= Work to be completed =
Leave out the pictures and set down exactly the lines from the start of the listing through the one with "Author: Mick Veldhuis", both included.
====
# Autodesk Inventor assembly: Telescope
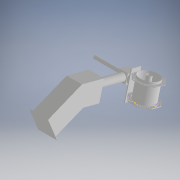
[picture p0: Inventor's stored thumbnail of the model, 180x180]
Saved by Autodesk Inventor 2022 (Build 260153000, 153)
## iProperties
RuleStatus: InUse
Created: 2021-05-06
Part Number: Telescope
Document SubType Name: Assembly
Designer: Mick Veldhuis
Author: Mick Veldhuis
## Documents named in this file (11)
- C:\Users\Mick Veldhuis\Desktop\bsc-project\inventor\observatory\Telescope.iam
- C:\Users\Mick Veldhuis\Desktop\bsc-project\inventor\observatory\MountBase.ipt
- C:\Users\Mick Veldhuis\Desktop\bsc-project\inventor\observatory\RaAxis.ipt
- C:\Users\Mick Veldhuis\Desktop\bsc-project\inventor\observatory\RaDecConnector.ipt
- C:\Users\Mick Veldhuis\Desktop\bsc-project\inventor\observatory\DecAxis.ipt
- C:\Users\Mick Veldhuis\Desktop\bsc-project\inventor\observatory\MainMirror.ipt
- PrimaryMirror.ipt
- C:\Users\Mick Veldhuis\Desktop\bsc-project\inventor\observatory\TelescopeMountConnector.ipt
- C:\Users\Mick Veldhuis\Documents\Inventor\Content Center Files\R2022\en-US\ISO 7089\ISO 7089 - 8 - 140 HV(1).ipt
- C:\Users\Mick Veldhuis\Documents\Inventor\Content Center Files\R2022\en-US\ISO 4017(1)\ISO 4017 - M8 x 35 - ISO.ipt
- C:\Users\Mick Veldhuis\Desktop\bsc-project\inventor\observatory\StrutConnector.ipt
## Components (18 placed, 9 different names)
1. MountBase:1 — RaAxisRotation
2. RaAxis:1 — RaAxisRotation, Insert:1, Insert:2
3. RaDecConnector:1 — Insert:1, Insert:2, DecAxisRotation
4. DecAxis:1 — Insert:5, Insert:6, Mate:1, Mate:2, Mate:3, Mate:4, Mate:5, Mate:6, Mate:7, Mate:8, DecAxisRotation
5. PrimaryMirror:1 — Insert:3, Insert:4, Insert:11, Insert:12, Insert:14, Insert:15, Insert:16, Insert:17, Insert:18, Insert:19
6. TelescopeMountConnector:1 — Insert:4, Insert:6, Insert:18
7. TelescopeMountConnector:2 — Insert:3, Insert:5, Insert:19
8. ISO 7089 8:1 — Mate:1, Mate:2, Insert:7
9. ISO 4017 M8 x 35:1 — Insert:7
10. ISO 7089 8:2 — Mate:3, Mate:4, Insert:8
11. ISO 4017 M8 x 35:2 — Insert:8
12. ISO 7089 8:3 — Mate:5, Mate:6, Insert:9
13. ISO 4017 M8 x 35:3 — Insert:9
14. ISO 7089 8:4 — Mate:7, Mate:8, Insert:10
15. ISO 4017 M8 x 35:4 — Insert:10
16. StrutConnector:1 — Insert:11, Insert:12
17. StrutConnector:2 — Insert:14, Insert:15
18. StrutConnector:3 — Insert:16, Insert:17
## Relationships (28: Insert 18, Mate 8, RevoluteJoint 2)
- RaAxisRotation [RevoluteJoint]: MountBase:1 ↔ RaAxis:1
- Insert:1: RaAxis:1 ↔ RaDecConnector:1
- Insert:2: RaAxis:1 ↔ RaDecConnector:1
- Insert:3: PrimaryMirror:1 ↔ TelescopeMountConnector:2
- Insert:4: PrimaryMirror:1 ↔ TelescopeMountConnector:1
- Insert:5: DecAxis:1 ↔ TelescopeMountConnector:2
- Insert:6: DecAxis:1 ↔ TelescopeMountConnector:1
- Mate:1: DecAxis:1 ↔ ISO 7089 8:1
- Mate:2: DecAxis:1 ↔ ISO 7089 8:1
- Insert:7: ISO 7089 8:1 ↔ ISO 4017 M8 x 35:1
- Mate:3: DecAxis:1 ↔ ISO 7089 8:2
- Mate:4: DecAxis:1 ↔ ISO 7089 8:2
- Insert:8: ISO 7089 8:2 ↔ ISO 4017 M8 x 35:2
- Mate:5: DecAxis:1 ↔ ISO 7089 8:3
- Mate:6: DecAxis:1 ↔ ISO 7089 8:3
- Insert:9: ISO 7089 8:3 ↔ ISO 4017 M8 x 35:3
- Mate:7: DecAxis:1 ↔ ISO 7089 8:4
- Mate:8: DecAxis:1 ↔ ISO 7089 8:4
- Insert:10: ISO 7089 8:4 ↔ ISO 4017 M8 x 35:4
- DecAxisRotation [RevoluteJoint]: RaDecConnector:1 ↔ DecAxis:1
- Insert:11: PrimaryMirror:1 ↔ StrutConnector:1
- Insert:12: PrimaryMirror:1 ↔ StrutConnector:1
- Insert:14: PrimaryMirror:1 ↔ StrutConnector:2
- Insert:15: PrimaryMirror:1 ↔ StrutConnector:2
- Insert:16: PrimaryMirror:1 ↔ StrutConnector:3
- Insert:17: PrimaryMirror:1 ↔ StrutConnector:3
- Insert:18: PrimaryMirror:1 ↔ TelescopeMountConnector:1
- Insert:19: PrimaryMirror:1 ↔ TelescopeMountConnector:2
## Named parameters: RaAngle = 0 deg, DecAngle = 0 deg, iTrigger0 = 1
====
= Solution to this exercise =
# Autodesk Inventor assembly: Telescope
[picture p0: Inventor's stored thumbnail of the model, 180x180]
Saved by Autodesk Inventor 2022 (Build 260153000, 153)
## iProperties
RuleStatus: InUse
Created: 2021-05-06
Part Number: Telescope
Document SubType Name: Assembly
Designer: Mick Veldhuis
Author: Mick Veldhuis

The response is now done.